Mansion selatan terlihat begitu rapi dan juga tenang, tidak banyak orang yang ada disana. Cancri melangkahkan kakinya pelan, gerakkan tubuhnya begitu teratur. Pria itu menatap Bride yang kini berdiri didepan pintu masuk, tidak biasanya pria itu akan terlihat berkeliaran diluar ruangan.
“Bride, dimana Marcus?” tanya Cancri.
“Marcus sedang pergi, apa kau perlu sesuatu?” tanya Bride.
“Ambilkan beberapa obat dari laboratorium, aku akan mengobati wanita itu.”
Bride segera melangkah, ia sudah terbiasa untuk langsung pergi tanpa permisi.
Cancri menatap jeli bawahannya, ia kemudian melangkah ke dalam dan segera menuju ke kamar yang di huni olehnya beberapa waktu lalu. Mata Cancri menatap heran ruangan tersebut, ada sesuatu yang aneh dan ia tak bisa berpikir dengan baik sekarang.
Kaki Cancri melangkah kearah kamar mandi, di bukanya pintu itu dan menatap sekitar. Tidak ada orang, bahkan ruangan itu terada sangat mati.
“Sialan,” ujar Cancri pelan. Ia segera menatap kearah ranjang, sudah terlihat rapi dan bersih.
“Clevin!” panggil Cancri.
Dari kegelapan seorang pria segera muncul, ia menatap Cancri dan menunggu pria itu mengucapkan kata-kata mutiara.
“Mana mainanku?” tanya pria itu tanpa basa-basi.
“Pain, sebaiknya kau memikirkan hal lain daripada w************n itu.”
Cancri menatap tak percaya, semakin lama elit golden terlihat semakin berani. “Katakan apa saja yang kau tahu!”
“Kami semua bekerja sama untuk mengembalikan wanita itu pada tempatnya, sudah cukup bagimu bermain dan berhenti mengganggu wanita itu.”
Cancri tertawa kecil. “Apa yang kau katakan?”
“Jangan membuat masalah dalam hidupmu,” sahut Clevin.
“Baiklah. Dimana Marcus?”
“Marcus mengantarkan wanita itu pulang,” sahut Bride yang sudah berada didepan pintu.
“Datang ke ruanganku ketika kalian sudah berkumpul, ada beberapa hadiah yang akan aku berikan karena kalian begitu baik padaku.”
Kedua pria itu menelan ludah mereka kasar, mata mereka melirik Cancri yang pergi tanpa melakukan aksi brutal karena mereka melanggar aturan.
“Dia benar-benar tenang,” ujar Clevin.
“Tidak, dia akan segera meledak ketika kita semua berkumpul.”
“Kita harus menghubungi Marcus.”
Sementara kedua bawahannya sedang memikirkan banyak hal, Cancri sedang melangkah dengan tatapan mata yang tajam. Wajah pria itu terlihat begitu masam, bahkan langkah dan napasnya memburu menahan emosi yang memuncak.
‘Tenang, tenang.’ Batin Cancri terus membisikkan kata itu, membuat Cancri dengan mudah mengendalikan emosinya.
‘Sial!’ maki pria itu, ia berhenti dan menghantamkan kepalan tangannya pada pilar besar disebelah kiri. Beberapa ekor ular yang menempel ditubuh Cancri terlihat gelisah, mereka keluar dari balik baju pria itu dan segera menjauh.

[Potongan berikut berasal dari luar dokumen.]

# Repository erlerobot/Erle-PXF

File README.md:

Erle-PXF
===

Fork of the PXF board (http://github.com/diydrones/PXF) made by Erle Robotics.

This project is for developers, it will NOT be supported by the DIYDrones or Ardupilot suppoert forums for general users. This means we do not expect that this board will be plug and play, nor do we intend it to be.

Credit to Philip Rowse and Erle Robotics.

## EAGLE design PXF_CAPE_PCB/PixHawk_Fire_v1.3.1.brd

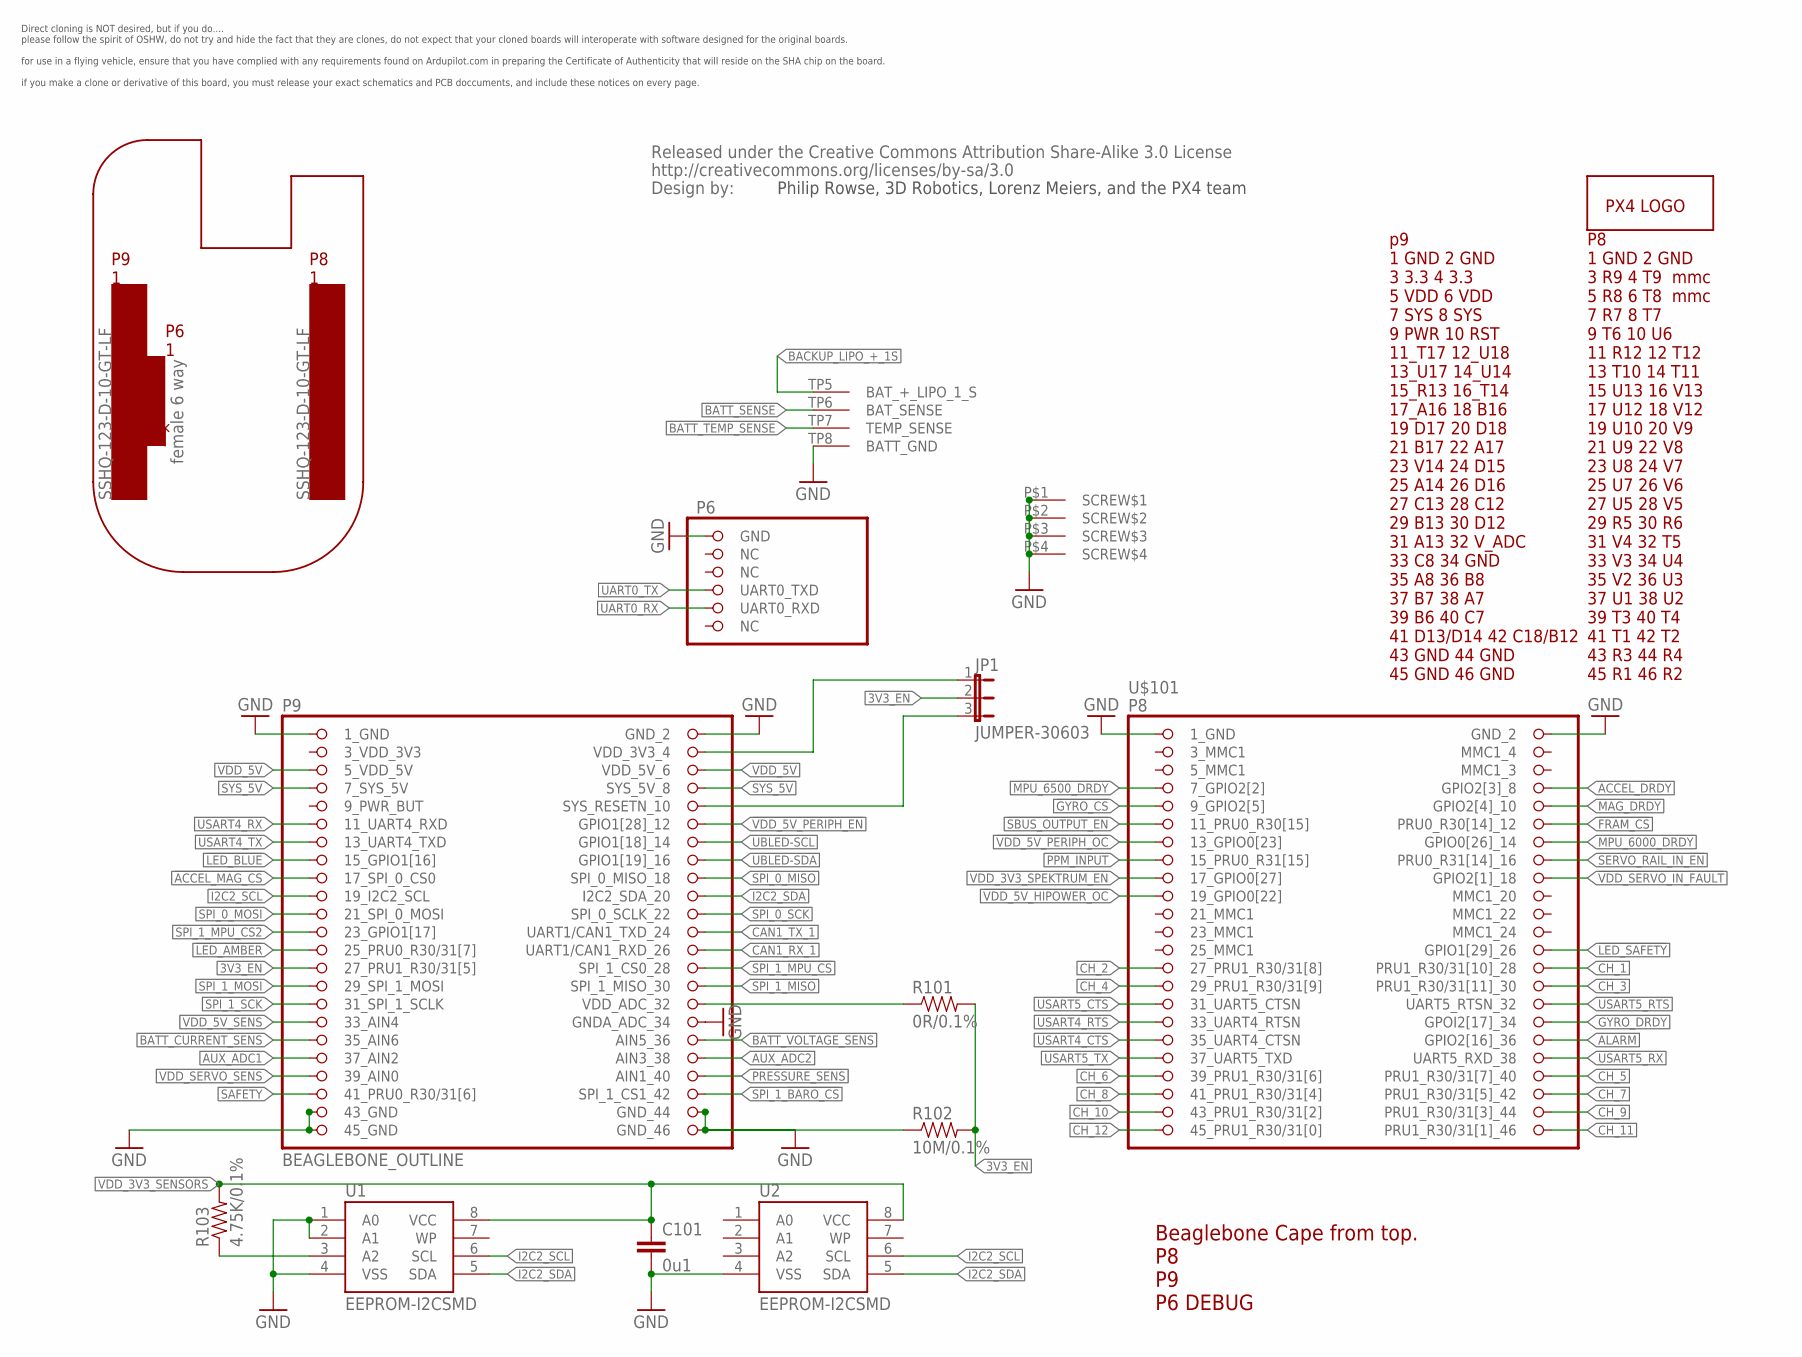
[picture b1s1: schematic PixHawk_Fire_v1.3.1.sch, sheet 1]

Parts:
C101: 0u1; 0402-CAP; PARTNO CC0402ZRY5V7BB104
JP1: JUMPER-30603; SJ_3_0603_PASTE1&2; PARTNO RC0603JR-070RL
R101: 0R/0.1%; 0402-RES; PARTNO RC0402FR-070RL
R102: 10M/0.1%; 0402-RES; PARTNO RC0402FR-0710ML
R103: 4.75K/0.1%; 0402-RES; PARTNO RC0402FR-074K75L
U1: EEPROM-I2CSMD; SO08; PARTNO AT24CS32-SSHM
U2: EEPROM-I2CSMD; SO08; PARTNO ATSHA204-SH-DA-TTR-ND
U$1: PX4-LOGO; PIXHAWK-FIRE-LOGO-30
U$6: CREATIVE_COMMONS
U$101: BEAGLEBONE_OUTLINE; BEAGLEBONE_SHIELD

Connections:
3V3_EN: JP1.2, R101.P$2 (2), R102.P$2 (2), U$101.73 (27_PRU1_R30/31[5]); also elsewhere on the board
3_VDD_3V3: U$101.49 (3_VDD_3V3)
!ACCEL_MAG_CS: U$101.63 (17_SPI_0_CS0); also elsewhere on the board
!FRAM_CS: U$101.12 (PRU0_R30[14]_12); also elsewhere on the board
!GYRO_CS: U$101.9 (9_GPIO2[5]); also elsewhere on the board
!LED_AMBER: U$101.71 (25_PRU0_R30/31[7]); also elsewhere on the board
!LED_BLUE: U$101.61 (15_GPIO1[16]); also elsewhere on the board
!LED_SAFETY: U$101.26 (GPIO1[29]_26); also elsewhere on the board
!SBUS_OUTPUT_EN: U$101.11 (11_PRU0_R30[15]); also elsewhere on the board
!VDD_5V_HIPOWER_OC: U$101.19 (19_GPIO0[22]); also elsewhere on the board
!VDD_5V_PERIPH_EN: U$101.58 (GPIO1[28]_12); also elsewhere on the board
!VDD_5V_PERIPH_OC: U$101.13 (13_GPIO0[23]); also elsewhere on the board
!VDD_SERVO_IN_FAULT: U$101.18 (GPIO2[1]_18); also elsewhere on the board
ACCEL_DRDY: U$101.8 (GPIO2[3]_8); also elsewhere on the board
ALARM: U$101.36 (GPIO2[16]_36); also elsewhere on the board
AUX_ADC1: U$101.83 (37_AIN2); also elsewhere on the board
AUX_ADC2: U$101.84 (AIN3_38); also elsewhere on the board
BACKUP_LIPO_+_1S: U$101.TP5 (BAT_+_LIPO_1_S); also elsewhere on the board
BATT_CURRENT_SENS: U$101.81 (35_AIN6); also elsewhere on the board
BATT_SENSE: U$101.TP6 (BAT_SENSE); also elsewhere on the board
BATT_TEMP_SENSE: U$101.TP7 (TEMP_SENSE); also elsewhere on the board
BATT_VOLTAGE_SENS: U$101.82 (AIN5_36); also elsewhere on the board
CH_1: U$101.28 (PRU1_R30/31[10]_28); also elsewhere on the board
CH_2: U$101.27 (27_PRU1_R30/31[8]); also elsewhere on the board
CH_3: U$101.30 (PRU1_R30/31[11]_30); also elsewhere on the board
CH_4: U$101.29 (29_PRU1_R30/31[9]); also elsewhere on the board
CH_5: U$101.40 (PRU1_R30/31[7]_40); also elsewhere on the board
CH_6: U$101.39 (39_PRU1_R30/31[6]); also elsewhere on the board
CH_7: U$101.42 (PRU1_R30/31[5]_42); also elsewhere on the board
CH_8: U$101.41 (41_PRU1_R30/31[4]); also elsewhere on the board
CH_9: U$101.44 (PRU1_R30/31[3]_44); also elsewhere on the board
CH_10: U$101.43 (43_PRU1_R30/31[2]); also elsewhere on the board
CH_11: U$101.46 (PRU1_R30/31[1]_46); also elsewhere on the board
CH_12: U$101.45 (45_PRU1_R30/31[0]); also elsewhere on the board
GND: C101.P$2 (2), R102.P$1 (1), U1.1 (A0), U1.2 (A1), U1.4 (VSS), U2.4 (VSS), U$101.1 (1_GND), U$101.2 (GND_2), U$101.47 (1_GND), U$101.48 (GND_2), U$101.80 (GNDA_ADC_34), U$101.89 (43_GND), U$101.90 (GND_44), U$101.91 (45_GND), U$101.92 (GND_46), U$101.93 (GND), U$101.P$1 (SCREW$1), U$101.P$2 (SCREW$2), U$101.P$3 (SCREW$3), U$101.P$4 (SCREW$4), U$101.TP8 (BATT_GND); also elsewhere on the board
GYRO_DRDY: U$101.34 (GPOI2[17]_34); also elsewhere on the board
I2C2_SCL: U1.6 (SCL), U2.6 (SCL), U$101.65 (19_I2C2_SCL); also elsewhere on the board
I2C2_SDA: U1.5 (SDA), U2.5 (SDA), U$101.66 (I2C2_SDA_20); also elsewhere on the board
MAG_DRDY: U$101.10 (GPIO2[4]_10); also elsewhere on the board
MPU_6000_DRDY: U$101.14 (GPIO0[26]_14); also elsewhere on the board
MPU_6500_DRDY: U$101.7 (7_GPIO2[2]); also elsewhere on the board
unnamed: R103.P$1 (1), U1.3 (A2)
unnamed: JP1.1, U$101.50 (VDD_3V3_4)
unnamed: JP1.3, U$101.56 (SYS_RESETN_10)
PPM_INPUT: U$101.15 (15_PRU0_R31[15]); also elsewhere on the board
PRESSURE_SENS: U$101.86 (AIN1_40); also elsewhere on the board
SAFETY: U$101.87 (41_PRU0_R30/31[6]); also elsewhere on the board
SERVO_RAIL_IN_!EN: U$101.16 (PRU0_R31[14]_16); also elsewhere on the board
SPI_0_MISO: U$101.64 (SPI_0_MISO_18); also elsewhere on the board
SPI_0_MOSI: U$101.67 (21_SPI_0_MOSI); also elsewhere on the board
SPI_0_SCK: U$101.68 (SPI_0_SCLK_22); also elsewhere on the board
SPI_1_!BARO_CS: U$101.88 (SPI_1_CS1_42); also elsewhere on the board
SPI_1_!MPU_CS: U$101.74 (SPI_1_CS0_28); also elsewhere on the board
SPI_1_!MPU_CS2: U$101.69 (23_GPIO1[17]); also elsewhere on the board
SPI_1_MISO: U$101.76 (SPI_1_MISO_30); also elsewhere on the board
SPI_1_MOSI: U$101.75 (29_SPI_1_MOSI); also elsewhere on the board
SPI_1_SCK: U$101.77 (31_SPI_1_SCLK); also elsewhere on the board
SYS_5V: U$101.53 (7_SYS_5V), U$101.54 (SYS_5V_8); also elsewhere on the board
UART0_RX: U$101.97 (UART0_RXD); also elsewhere on the board
UART0_TX: U$101.96 (UART0_TXD); also elsewhere on the board
UBLED-SCL: U$101.60 (GPIO1[18]_14); also elsewhere on the board
UBLED-SDA: U$101.62 (GPIO1[19]_16); also elsewhere on the board
USART4_CTS: U$101.35 (35_UART4_CTSN); also elsewhere on the board
USART4_RTS: U$101.33 (33_UART4_RTSN); also elsewhere on the board
USART4_RX: U$101.57 (11_UART4_RXD); also elsewhere on the board
USART4_TX: U$101.59 (13_UART4_TXD); also elsewhere on the board
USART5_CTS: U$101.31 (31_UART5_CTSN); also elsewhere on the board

‘Berani sekali mereka membuang bonekaku!’ tegas pria itu lagi. Wajahnya semakin masam, ia kembali memukul pilar besar yang malah retak dan segera runtuh.
Cancri yang terkena reruntuhan dari pilar itu semakin berwajah masam. Jika pilar sekuat itu saja sudah retak, bagaimana jika ia membunuh Marcus dalam satu kali pukul.
‘Pain, kau harus tenang.’ Kaki Cancri kembali melangkah pergi, ia terus mengatakan kata tenang dalam otaknya, dan berusaha menyingkirkan rasa jengkelnya.
“Menyebalkan,” ujaran itu akhirnya keluar dari bibir Cancri.